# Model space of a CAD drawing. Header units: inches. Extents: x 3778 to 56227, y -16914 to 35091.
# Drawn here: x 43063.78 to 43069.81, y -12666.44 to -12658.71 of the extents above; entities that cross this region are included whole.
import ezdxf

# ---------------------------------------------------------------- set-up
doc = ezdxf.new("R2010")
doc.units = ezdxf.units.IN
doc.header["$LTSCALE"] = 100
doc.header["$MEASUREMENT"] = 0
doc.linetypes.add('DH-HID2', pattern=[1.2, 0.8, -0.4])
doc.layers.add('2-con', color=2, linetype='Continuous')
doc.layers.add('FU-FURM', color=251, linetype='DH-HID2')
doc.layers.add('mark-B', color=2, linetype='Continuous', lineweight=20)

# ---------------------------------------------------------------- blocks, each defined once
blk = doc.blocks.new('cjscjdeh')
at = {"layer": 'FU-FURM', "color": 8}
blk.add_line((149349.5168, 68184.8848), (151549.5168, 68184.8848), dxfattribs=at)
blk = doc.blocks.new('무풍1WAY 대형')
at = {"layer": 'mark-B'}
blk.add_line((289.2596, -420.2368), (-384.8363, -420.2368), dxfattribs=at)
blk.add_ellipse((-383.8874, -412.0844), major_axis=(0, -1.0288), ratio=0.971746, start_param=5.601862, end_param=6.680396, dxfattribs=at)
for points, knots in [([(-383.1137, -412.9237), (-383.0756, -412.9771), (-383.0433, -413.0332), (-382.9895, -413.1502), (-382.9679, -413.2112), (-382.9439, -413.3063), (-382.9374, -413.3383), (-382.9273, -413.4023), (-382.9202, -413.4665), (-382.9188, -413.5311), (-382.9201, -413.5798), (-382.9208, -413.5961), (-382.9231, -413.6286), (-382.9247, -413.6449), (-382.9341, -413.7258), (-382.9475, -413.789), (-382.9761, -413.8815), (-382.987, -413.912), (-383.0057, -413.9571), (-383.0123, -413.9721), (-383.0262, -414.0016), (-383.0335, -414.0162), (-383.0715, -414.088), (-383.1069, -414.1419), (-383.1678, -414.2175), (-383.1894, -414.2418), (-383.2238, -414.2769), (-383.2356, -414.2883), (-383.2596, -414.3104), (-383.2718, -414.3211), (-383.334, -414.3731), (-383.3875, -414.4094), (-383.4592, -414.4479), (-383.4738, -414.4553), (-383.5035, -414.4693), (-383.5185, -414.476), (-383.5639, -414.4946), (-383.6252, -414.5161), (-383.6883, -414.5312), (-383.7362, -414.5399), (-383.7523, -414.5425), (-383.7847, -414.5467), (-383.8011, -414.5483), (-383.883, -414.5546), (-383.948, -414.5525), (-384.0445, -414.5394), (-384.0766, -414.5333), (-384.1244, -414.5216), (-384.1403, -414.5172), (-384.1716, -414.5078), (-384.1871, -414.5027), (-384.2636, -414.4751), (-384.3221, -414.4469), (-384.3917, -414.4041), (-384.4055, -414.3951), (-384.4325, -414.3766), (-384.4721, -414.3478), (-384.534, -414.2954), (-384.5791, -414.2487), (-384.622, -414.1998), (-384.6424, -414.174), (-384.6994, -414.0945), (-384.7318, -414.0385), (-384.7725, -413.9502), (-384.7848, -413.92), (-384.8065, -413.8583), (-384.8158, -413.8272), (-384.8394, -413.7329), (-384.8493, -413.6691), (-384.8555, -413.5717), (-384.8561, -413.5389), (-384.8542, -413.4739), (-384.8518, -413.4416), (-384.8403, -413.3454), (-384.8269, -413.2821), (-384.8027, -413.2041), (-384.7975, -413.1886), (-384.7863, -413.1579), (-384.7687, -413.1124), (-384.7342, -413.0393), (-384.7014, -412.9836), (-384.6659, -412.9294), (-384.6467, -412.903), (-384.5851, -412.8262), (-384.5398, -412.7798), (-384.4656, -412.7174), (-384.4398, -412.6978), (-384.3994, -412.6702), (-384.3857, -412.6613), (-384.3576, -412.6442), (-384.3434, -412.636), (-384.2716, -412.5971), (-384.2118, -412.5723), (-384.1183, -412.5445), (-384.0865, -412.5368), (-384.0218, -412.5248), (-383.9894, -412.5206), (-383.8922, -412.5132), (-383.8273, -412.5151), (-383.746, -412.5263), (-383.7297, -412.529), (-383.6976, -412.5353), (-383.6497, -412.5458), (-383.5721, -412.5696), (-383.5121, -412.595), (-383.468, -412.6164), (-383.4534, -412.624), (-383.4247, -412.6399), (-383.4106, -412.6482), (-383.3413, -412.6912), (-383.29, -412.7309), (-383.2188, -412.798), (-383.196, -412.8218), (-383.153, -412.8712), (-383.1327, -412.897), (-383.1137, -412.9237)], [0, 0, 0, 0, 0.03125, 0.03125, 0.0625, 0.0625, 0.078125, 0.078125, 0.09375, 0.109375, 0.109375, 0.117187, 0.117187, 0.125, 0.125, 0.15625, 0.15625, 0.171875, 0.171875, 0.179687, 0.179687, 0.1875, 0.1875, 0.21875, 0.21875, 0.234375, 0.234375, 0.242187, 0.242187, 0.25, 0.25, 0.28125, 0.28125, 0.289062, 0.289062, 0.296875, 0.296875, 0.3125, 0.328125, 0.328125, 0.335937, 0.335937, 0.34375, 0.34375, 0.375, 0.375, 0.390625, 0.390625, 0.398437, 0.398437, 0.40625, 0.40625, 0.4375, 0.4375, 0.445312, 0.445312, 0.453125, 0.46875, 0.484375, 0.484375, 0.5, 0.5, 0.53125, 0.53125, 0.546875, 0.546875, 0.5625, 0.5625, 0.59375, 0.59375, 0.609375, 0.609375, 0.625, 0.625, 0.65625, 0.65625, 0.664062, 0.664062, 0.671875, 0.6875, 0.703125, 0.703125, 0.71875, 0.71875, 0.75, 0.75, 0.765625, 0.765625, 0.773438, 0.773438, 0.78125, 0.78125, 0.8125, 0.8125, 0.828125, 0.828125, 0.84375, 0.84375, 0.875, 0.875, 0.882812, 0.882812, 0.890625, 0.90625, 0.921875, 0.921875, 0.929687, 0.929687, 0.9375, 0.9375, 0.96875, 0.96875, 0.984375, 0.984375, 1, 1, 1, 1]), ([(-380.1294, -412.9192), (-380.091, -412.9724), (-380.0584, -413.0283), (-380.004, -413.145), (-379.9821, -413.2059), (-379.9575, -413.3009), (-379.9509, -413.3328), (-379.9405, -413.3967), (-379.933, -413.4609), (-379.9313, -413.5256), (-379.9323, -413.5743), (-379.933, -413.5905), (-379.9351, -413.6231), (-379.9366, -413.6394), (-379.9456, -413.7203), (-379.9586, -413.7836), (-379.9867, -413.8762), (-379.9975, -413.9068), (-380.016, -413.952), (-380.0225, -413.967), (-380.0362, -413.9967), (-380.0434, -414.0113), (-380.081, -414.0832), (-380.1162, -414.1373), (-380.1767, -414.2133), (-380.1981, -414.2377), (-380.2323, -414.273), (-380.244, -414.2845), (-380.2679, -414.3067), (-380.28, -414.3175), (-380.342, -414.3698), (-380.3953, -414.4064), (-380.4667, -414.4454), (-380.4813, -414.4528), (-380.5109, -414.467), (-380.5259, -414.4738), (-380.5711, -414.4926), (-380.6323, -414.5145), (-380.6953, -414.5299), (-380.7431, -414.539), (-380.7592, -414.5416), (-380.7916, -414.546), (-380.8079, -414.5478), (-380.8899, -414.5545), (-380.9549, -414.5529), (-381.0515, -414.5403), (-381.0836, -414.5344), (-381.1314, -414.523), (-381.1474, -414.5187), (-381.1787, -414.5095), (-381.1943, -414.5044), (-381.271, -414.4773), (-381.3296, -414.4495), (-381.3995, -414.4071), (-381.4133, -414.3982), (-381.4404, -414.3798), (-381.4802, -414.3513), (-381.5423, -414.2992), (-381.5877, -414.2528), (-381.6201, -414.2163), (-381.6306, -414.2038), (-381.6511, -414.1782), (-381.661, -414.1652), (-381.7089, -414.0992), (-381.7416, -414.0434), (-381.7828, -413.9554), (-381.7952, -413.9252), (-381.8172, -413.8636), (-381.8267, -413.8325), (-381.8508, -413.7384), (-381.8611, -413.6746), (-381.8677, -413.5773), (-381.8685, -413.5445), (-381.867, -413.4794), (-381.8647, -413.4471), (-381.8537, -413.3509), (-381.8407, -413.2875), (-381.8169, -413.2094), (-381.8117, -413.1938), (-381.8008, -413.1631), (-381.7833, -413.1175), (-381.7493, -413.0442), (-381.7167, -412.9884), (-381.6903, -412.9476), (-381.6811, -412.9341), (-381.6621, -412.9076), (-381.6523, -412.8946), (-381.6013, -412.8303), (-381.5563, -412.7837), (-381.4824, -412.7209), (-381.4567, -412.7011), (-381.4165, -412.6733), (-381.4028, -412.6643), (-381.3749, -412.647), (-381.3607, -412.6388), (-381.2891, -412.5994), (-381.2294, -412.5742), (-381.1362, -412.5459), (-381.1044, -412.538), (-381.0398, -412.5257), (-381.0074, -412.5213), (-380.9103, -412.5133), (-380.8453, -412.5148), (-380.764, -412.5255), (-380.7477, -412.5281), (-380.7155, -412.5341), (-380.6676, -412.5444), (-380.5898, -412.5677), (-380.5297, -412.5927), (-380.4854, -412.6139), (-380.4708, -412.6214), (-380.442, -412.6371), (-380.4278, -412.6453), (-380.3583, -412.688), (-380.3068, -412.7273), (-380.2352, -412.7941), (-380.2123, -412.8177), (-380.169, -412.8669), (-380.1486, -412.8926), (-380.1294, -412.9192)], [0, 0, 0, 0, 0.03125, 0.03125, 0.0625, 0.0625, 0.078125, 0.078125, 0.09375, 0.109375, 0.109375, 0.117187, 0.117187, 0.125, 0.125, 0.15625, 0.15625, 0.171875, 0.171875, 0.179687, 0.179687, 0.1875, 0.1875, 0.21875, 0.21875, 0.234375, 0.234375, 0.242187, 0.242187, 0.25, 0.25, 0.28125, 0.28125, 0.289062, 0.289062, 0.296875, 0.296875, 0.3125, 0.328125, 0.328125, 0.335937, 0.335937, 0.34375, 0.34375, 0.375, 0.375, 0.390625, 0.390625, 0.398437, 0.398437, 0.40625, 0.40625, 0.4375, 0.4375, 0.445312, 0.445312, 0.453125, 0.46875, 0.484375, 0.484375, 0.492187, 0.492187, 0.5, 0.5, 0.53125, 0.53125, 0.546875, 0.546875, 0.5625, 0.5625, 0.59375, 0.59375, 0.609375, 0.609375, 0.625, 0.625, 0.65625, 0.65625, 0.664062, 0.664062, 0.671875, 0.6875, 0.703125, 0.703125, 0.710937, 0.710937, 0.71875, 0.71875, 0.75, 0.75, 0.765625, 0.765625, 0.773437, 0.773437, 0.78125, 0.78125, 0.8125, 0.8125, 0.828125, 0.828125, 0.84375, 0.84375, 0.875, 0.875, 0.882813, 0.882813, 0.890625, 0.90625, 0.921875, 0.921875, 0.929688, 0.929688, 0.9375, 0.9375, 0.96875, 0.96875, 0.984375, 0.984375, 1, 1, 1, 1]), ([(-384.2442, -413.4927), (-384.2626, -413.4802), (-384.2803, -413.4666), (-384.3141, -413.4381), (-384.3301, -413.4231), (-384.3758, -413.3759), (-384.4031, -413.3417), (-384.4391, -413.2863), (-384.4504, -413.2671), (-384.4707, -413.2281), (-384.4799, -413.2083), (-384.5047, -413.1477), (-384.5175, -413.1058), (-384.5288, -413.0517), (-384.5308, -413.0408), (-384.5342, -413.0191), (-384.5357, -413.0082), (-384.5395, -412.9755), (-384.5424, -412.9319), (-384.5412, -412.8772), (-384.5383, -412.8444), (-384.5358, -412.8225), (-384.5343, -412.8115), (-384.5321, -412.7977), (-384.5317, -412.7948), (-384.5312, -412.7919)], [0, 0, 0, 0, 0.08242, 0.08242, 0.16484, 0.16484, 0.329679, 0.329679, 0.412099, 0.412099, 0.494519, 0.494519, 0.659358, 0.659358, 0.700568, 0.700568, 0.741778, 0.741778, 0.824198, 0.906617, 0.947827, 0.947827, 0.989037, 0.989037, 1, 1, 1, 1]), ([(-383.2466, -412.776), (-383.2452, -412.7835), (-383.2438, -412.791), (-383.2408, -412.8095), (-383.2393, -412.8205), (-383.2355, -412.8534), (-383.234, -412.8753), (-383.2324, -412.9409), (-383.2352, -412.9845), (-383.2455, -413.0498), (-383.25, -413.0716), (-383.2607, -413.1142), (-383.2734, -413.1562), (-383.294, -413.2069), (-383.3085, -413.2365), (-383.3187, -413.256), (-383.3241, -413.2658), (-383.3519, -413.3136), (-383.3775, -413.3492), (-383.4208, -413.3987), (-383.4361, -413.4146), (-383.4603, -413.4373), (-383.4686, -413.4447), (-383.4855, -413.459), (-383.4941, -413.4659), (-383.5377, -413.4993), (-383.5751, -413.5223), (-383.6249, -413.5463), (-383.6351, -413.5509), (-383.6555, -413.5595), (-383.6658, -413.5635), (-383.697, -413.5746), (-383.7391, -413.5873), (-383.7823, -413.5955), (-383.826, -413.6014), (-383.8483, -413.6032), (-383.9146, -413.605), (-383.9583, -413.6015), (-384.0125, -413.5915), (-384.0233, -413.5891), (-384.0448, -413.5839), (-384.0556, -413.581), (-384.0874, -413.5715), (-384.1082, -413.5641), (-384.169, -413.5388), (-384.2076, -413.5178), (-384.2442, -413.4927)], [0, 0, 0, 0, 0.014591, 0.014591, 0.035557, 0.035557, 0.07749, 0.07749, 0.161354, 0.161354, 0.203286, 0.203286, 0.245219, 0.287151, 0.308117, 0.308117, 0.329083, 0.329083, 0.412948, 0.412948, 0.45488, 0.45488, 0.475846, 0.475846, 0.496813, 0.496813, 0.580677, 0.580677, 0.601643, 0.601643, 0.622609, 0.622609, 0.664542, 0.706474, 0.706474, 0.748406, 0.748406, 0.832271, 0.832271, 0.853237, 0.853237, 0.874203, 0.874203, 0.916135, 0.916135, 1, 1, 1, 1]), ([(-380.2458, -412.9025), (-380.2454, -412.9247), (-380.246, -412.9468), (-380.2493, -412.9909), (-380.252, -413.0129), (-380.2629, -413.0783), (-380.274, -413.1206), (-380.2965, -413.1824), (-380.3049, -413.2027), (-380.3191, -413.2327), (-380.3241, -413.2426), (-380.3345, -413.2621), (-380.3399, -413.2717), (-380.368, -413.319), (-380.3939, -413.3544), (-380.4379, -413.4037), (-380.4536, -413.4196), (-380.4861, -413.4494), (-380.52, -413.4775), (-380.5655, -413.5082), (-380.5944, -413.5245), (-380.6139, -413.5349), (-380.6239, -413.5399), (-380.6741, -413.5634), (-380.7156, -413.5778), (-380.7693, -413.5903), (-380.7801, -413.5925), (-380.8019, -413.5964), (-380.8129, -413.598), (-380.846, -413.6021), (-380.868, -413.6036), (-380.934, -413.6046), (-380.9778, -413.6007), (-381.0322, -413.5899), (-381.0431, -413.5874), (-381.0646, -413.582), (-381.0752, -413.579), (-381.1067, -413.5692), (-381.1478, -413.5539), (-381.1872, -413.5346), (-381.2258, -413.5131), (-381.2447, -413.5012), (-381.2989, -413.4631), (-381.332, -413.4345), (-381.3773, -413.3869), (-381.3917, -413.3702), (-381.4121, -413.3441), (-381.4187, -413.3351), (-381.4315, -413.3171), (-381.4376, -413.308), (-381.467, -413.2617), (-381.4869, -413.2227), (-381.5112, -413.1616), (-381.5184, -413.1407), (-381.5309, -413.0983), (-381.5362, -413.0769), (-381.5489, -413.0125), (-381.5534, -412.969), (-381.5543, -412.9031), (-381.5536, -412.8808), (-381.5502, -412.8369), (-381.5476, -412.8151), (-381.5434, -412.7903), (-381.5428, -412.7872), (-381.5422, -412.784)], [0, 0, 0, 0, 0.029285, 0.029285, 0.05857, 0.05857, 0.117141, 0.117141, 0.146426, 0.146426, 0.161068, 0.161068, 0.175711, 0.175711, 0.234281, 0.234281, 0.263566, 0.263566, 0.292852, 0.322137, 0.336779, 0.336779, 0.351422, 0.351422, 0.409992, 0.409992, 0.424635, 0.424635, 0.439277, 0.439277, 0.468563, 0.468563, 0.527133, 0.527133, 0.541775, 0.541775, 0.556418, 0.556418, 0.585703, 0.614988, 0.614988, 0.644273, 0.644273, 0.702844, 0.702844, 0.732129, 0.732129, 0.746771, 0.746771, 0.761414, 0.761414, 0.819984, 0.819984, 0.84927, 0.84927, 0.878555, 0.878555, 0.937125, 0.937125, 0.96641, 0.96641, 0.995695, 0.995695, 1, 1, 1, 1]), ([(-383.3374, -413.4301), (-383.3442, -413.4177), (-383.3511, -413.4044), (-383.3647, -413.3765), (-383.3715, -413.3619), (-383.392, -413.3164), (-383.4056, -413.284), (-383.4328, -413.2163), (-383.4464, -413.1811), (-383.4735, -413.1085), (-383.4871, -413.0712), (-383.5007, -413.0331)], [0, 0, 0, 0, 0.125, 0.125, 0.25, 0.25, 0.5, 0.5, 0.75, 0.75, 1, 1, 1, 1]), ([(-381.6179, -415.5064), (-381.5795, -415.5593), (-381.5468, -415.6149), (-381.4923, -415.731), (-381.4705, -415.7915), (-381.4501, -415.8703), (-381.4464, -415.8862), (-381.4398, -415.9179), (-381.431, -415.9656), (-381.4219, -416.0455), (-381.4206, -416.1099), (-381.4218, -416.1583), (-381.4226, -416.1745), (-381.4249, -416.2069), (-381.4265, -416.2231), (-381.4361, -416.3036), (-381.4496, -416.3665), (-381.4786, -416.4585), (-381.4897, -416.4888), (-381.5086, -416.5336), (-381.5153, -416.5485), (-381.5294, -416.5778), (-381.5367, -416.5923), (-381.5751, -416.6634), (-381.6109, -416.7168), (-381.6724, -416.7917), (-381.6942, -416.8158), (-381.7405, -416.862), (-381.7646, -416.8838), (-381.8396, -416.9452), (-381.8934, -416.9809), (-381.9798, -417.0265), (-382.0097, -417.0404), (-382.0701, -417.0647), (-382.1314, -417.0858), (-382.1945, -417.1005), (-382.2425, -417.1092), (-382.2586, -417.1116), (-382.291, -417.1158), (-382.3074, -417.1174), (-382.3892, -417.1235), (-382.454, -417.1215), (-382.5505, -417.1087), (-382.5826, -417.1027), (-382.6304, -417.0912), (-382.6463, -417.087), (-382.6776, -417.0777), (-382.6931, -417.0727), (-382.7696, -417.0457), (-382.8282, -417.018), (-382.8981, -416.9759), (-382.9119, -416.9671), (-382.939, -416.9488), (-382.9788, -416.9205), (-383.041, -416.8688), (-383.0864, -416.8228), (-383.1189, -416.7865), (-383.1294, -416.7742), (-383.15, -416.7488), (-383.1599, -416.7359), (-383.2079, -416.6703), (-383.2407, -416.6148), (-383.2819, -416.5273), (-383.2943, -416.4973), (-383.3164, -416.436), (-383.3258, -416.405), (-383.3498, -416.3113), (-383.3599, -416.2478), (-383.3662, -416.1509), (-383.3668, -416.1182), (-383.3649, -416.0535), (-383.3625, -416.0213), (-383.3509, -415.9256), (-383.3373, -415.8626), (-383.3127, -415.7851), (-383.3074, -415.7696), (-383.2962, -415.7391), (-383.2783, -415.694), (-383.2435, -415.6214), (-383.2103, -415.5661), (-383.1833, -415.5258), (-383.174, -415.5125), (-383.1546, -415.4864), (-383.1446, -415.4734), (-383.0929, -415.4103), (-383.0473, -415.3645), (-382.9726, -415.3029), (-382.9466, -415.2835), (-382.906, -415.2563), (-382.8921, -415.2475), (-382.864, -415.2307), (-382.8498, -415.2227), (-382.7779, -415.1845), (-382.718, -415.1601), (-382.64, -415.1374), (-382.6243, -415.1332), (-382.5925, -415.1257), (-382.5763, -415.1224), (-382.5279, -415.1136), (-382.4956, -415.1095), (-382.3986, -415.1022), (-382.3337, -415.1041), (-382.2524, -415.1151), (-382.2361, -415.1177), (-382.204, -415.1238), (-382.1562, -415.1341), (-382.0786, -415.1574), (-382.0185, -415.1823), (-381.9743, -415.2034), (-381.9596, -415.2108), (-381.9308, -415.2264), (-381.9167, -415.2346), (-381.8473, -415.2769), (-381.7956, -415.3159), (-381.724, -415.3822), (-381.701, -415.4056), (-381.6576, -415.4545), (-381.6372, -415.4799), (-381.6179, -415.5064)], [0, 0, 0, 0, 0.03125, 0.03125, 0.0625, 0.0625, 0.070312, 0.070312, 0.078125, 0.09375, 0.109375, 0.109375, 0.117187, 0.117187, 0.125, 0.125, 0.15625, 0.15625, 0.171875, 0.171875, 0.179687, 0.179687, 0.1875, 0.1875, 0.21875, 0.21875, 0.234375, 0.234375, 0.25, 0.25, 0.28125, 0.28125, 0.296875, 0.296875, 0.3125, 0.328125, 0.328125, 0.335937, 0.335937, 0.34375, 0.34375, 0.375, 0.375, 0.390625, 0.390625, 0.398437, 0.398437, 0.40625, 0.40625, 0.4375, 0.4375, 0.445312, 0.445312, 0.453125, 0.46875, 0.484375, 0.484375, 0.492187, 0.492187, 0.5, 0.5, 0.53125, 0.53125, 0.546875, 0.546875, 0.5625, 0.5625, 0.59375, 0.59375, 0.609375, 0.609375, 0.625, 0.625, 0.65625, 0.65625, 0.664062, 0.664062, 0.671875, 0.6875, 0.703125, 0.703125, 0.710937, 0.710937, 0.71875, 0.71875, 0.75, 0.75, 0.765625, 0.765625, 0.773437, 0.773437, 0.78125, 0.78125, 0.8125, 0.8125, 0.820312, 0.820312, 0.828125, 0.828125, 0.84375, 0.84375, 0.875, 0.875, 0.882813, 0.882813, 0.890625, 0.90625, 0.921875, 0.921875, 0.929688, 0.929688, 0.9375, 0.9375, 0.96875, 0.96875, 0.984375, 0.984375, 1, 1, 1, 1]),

--------

# What to produce
In the listing above, find the line containing "blk = doc.blocks.new('cjscjdeh')" and the line containing "start_param=5.601862, end_param=6.680396, dxfattribs=at)". Output them and every line between, exactly, and nothing else.

# Result below
blk = doc.blocks.new('cjscjdeh')
at = {"layer": 'FU-FURM', "color": 8}
blk.add_line((149349.5168, 68184.8848), (151549.5168, 68184.8848), dxfattribs=at)
blk = doc.blocks.new('무풍1WAY 대형')
at = {"layer": 'mark-B'}
blk.add_line((289.2596, -420.2368), (-384.8363, -420.2368), dxfattribs=at)
blk.add_ellipse((-383.8874, -412.0844), major_axis=(0, -1.0288), ratio=0.971746, start_param=5.601862, end_param=6.680396, dxfattribs=at)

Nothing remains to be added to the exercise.